Setting up a Bitbucket Data Center failover instance
Please note: Atlassian do not offer architecture design consulting services and therefore we cannot advise you on what your architecture design should look like for your needs. This article intends to provide some basic guidelines for setting up a failover instance of Bitbucket Data Center. If you require in depth assistance or consultation you can contact our Experts team.
In the event of a full outage of the Active DC you ideally want to seamlessly redirect the existing incoming traffic from users and other dependent services to the Standby DC. Whilst it's possible to achieve this by reconfiguring your DNS records to point to the new instance, there is a brief period governed by your DNS record's TTL where traffic is not guaranteed to be redirected to the new location. In this scenario you may wish to introduce a global load balancer that handles all incoming traffic and directs it to the appropriate Data Center instance. Note that in this scenario, the global load balancer is separate from the individual Data Center load balancers that distribute traffic amongst individual nodes within a single DC instance.
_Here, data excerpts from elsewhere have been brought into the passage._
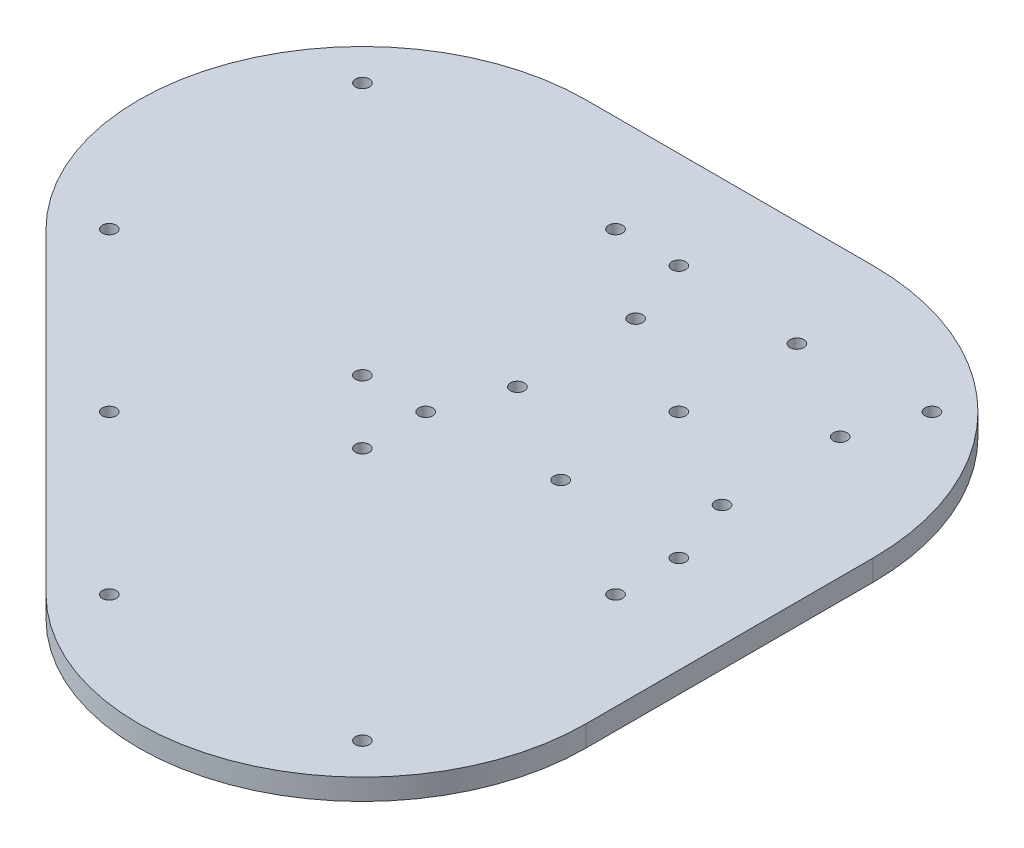
ISO-10303-21;
HEADER;
FILE_DESCRIPTION(('STEP AP214'),'2;1');
FILE_NAME('part.step','',(''),(''),'','','');
FILE_SCHEMA(('AUTOMOTIVE_DESIGN { 1 0 10303 214 1 1 1 1 }'));
ENDSEC;
DATA;
#1=APPLICATION_CONTEXT('core data for automotive mechanical design processes');
#2=APPLICATION_PROTOCOL_DEFINITION('international standard','automotive_design',2000,#1);
#3=PRODUCT_CONTEXT('',#1,'mechanical');
#4=PRODUCT('Part','Part','',(#3));
#5=PRODUCT_RELATED_PRODUCT_CATEGORY('part','',(#4));
#6=PRODUCT_DEFINITION_FORMATION('','',#4);
#7=PRODUCT_DEFINITION_CONTEXT('part definition',#1,'design');
#8=PRODUCT_DEFINITION('design','',#6,#7);
#9=PRODUCT_DEFINITION_SHAPE('','',#8);
#10=(LENGTH_UNIT() NAMED_UNIT(*) SI_UNIT(.MILLI.,.METRE.));
#11=(NAMED_UNIT(*) PLANE_ANGLE_UNIT() SI_UNIT($,.RADIAN.));
#12=(NAMED_UNIT(*) SI_UNIT($,.STERADIAN.) SOLID_ANGLE_UNIT());
#13=UNCERTAINTY_MEASURE_WITH_UNIT(LENGTH_MEASURE(1.E-05),#10,'distance_accuracy_value','');
#14=(GEOMETRIC_REPRESENTATION_CONTEXT(3) GLOBAL_UNCERTAINTY_ASSIGNED_CONTEXT((#13)) GLOBAL_UNIT_ASSIGNED_CONTEXT((#10,
#11,#12)) REPRESENTATION_CONTEXT('',''));
#15=CARTESIAN_POINT('',(0.,0.,0.));
#16=DIRECTION('',(0.,0.,1.));
#17=DIRECTION('',(1.,0.,0.));
#18=AXIS2_PLACEMENT_3D('',#15,#16,#17);
#19=CARTESIAN_POINT('',(37.5,5.,37.5));
#20=DIRECTION('',(0.,1.,0.));
#21=DIRECTION('',(0.,0.,1.));
#22=AXIS2_PLACEMENT_3D('',#19,#20,#21);
#23=PLANE('',#22);
#24=CARTESIAN_POINT('',(-29.9999999999999,5.,30.));
#25=DIRECTION('',(0.,1.,0.));
#26=DIRECTION('',(0.,0.,1.));
#27=AXIS2_PLACEMENT_3D('',#24,#25,#26);
#28=CIRCLE('',#27,1.65);
#29=CARTESIAN_POINT('',(-29.9999999999999,5.,31.65));
#30=VERTEX_POINT('',#29);
#31=EDGE_CURVE('E259',#30,#30,#28,.T.);
#32=ORIENTED_EDGE('',*,*,#31,.F.);
#33=EDGE_LOOP('',(#32));
#34=FACE_BOUND('',#33,.T.);
#35=CARTESIAN_POINT('',(67.5,5.,7.49999999999988));
#36=DIRECTION('',(0.,1.,0.));
#37=DIRECTION('',(0.,0.,-1.));
#38=AXIS2_PLACEMENT_3D('',#35,#36,#37);
#39=CIRCLE('',#38,1.65000000000003);
#40=CARTESIAN_POINT('',(67.5,5.,5.84999999999985));
#41=VERTEX_POINT('',#40);
#42=EDGE_CURVE('E247',#41,#41,#39,.T.);
#43=ORIENTED_EDGE('',*,*,#42,.F.);
#44=EDGE_LOOP('',(#43));
#45=FACE_BOUND('',#44,.T.);
#46=CARTESIAN_POINT('',(7.49999999999999,5.,67.4999999999999));
#47=DIRECTION('',(0.,1.,0.));
#48=DIRECTION('',(0.,0.,-1.));
#49=AXIS2_PLACEMENT_3D('',#46,#47,#48);
#50=CIRCLE('',#49,1.65);
#51=CARTESIAN_POINT('',(7.49999999999999,5.,65.8499999999999));
#52=VERTEX_POINT('',#51);
#53=EDGE_CURVE('E235',#52,#52,#50,.T.);
#54=ORIENTED_EDGE('',*,*,#53,.F.);
#55=EDGE_LOOP('',(#54));
#56=FACE_BOUND('',#55,.T.);
#57=CARTESIAN_POINT('',(-67.4999999999999,5.,-7.49999999999998));
#58=DIRECTION('',(0.,1.,0.));
#59=DIRECTION('',(0.,0.,1.));
#60=AXIS2_PLACEMENT_3D('',#57,#58,#59);
#61=CIRCLE('',#60,1.65);
#62=CARTESIAN_POINT('',(-67.4999999999999,5.,-5.84999999999998));
#63=VERTEX_POINT('',#62);
#64=EDGE_CURVE('E223',#63,#63,#61,.T.);
#65=ORIENTED_EDGE('',*,*,#64,.F.);
#66=EDGE_LOOP('',(#65));
#67=FACE_BOUND('',#66,.T.);
#68=CARTESIAN_POINT('',(-67.4999999999999,5.,-67.5));
#69=DIRECTION('',(0.,1.,0.));
#70=DIRECTION('',(0.,0.,1.));
#71=AXIS2_PLACEMENT_3D('',#68,#69,#70);
#72=CIRCLE('',#71,1.65);
#73=CARTESIAN_POINT('',(-67.4999999999999,5.,-65.85));
#74=VERTEX_POINT('',#73);
#75=EDGE_CURVE('E211',#74,#74,#72,.T.);
#76=ORIENTED_EDGE('',*,*,#75,.F.);
#77=EDGE_LOOP('',(#76));
#78=FACE_BOUND('',#77,.T.);
#79=CARTESIAN_POINT('',(37.5,5.,-37.5));
#80=DIRECTION('',(0.,1.,0.));
#81=DIRECTION('',(0.,0.,1.));
#82=AXIS2_PLACEMENT_3D('',#79,#80,#81);
#83=CIRCLE('',#82,1.65);
#84=CARTESIAN_POINT('',(37.5,5.,-35.85));
#85=VERTEX_POINT('',#84);
#86=EDGE_CURVE('E199',#85,#85,#83,.T.);
#87=ORIENTED_EDGE('',*,*,#86,.F.);
#88=EDGE_LOOP('',(#87));
#89=FACE_BOUND('',#88,.T.);
#90=CARTESIAN_POINT('',(67.5,5.,-7.49999999999995));
#91=DIRECTION('',(0.,1.,0.));
#92=DIRECTION('',(0.,0.,1.));
#93=AXIS2_PLACEMENT_3D('',#90,#91,#92);
#94=CIRCLE('',#93,1.65);
#95=CARTESIAN_POINT('',(67.5,5.,-5.84999999999995));
#96=VERTEX_POINT('',#95);
#97=EDGE_CURVE('E187',#96,#96,#94,.T.);
#98=ORIENTED_EDGE('',*,*,#97,.F.);
#99=EDGE_LOOP('',(#98));
#100=FACE_BOUND('',#99,.T.);
#101=CARTESIAN_POINT('',(13.2512886940357,5.,-51.4999999999999));
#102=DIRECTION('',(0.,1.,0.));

An example network diagram might look like this:
Note: This diagram is for illustration purposes only and does not represent a recommended implementation
In replicating your instance to another location there are three primary considerations: the Database, the File System and the Application Installation itself.
Please note that Atlassian makes no recommendation for particular tools or solutions to achieve replication across these areas.
You will need to fully replicate your database to the secondary location. You need to ensure that your solution is capable of handling any potential intermittent failures and of self-healing in the event of a temporary connection failure. Both database instances should maintain the exact same version if possible, to ensure against any unknown behaviour across RDBMS versions. All supported database vendors provide their own database replication solutions:
Similarly, you will need to fully replicate the contents of your application's
HOME directory to the replica file system. This mechanism should also be self-healing and/or able to withstand a temporary connection failure.
The Atlassian applications on the Standby DC nodes should be kept up to date with the Active DC version. Scheduled maintenance to perform upgrades on the Active DC should always include steps to perform the same upgrade on the Standby DC nodes. Note that once again, the applications should not be started on the standby DC.
Any configuration files located in the installation directories that manage the configuration of the JVM environment, Tomcat, etc. should also be kept in sync across the Active and Standby DC.
Depending on the version of Bitbucket Server in use, there are some specific considerations you should make to determine your architectural needs
- Bitbucket Server 4.3 introduces Smart Mirroring for customers with a Data Center license. This feature allows you to provision mirror instances that can be located in different geographic reasons to enable faster downstream fetching for geographically distributed teams and is also a great solution for CI systems to reduce the load on your primary instance. A mirror instance can potentially fail over from the active DC to the standby DC invisibly, for instance if you have a global load balancer set up or some other mechanism whereby the Smart Mirror can continue to reach the Standby DC via the same routes.
- Bitbucket Server 4.6 introduces Code Search. In a Data Center configuration, it would be necessary to install and configure a remote Elasticsearch instance to make use of this feature, as the built-in Elasticsearch instance is not suitable for a multi-node DC deployment. This is something for you to keep in mind as it impacts your requirements in setting up a secondary standby DC instance, and is another system you would need to investigate a replication scenario for. Note that if you choose not to replicate the Elasticsearch instance, code search would be initially unavailable during a failover event whilst the index was rebuilt and could take a number of minutes or hours to completely reindex all of your repositories.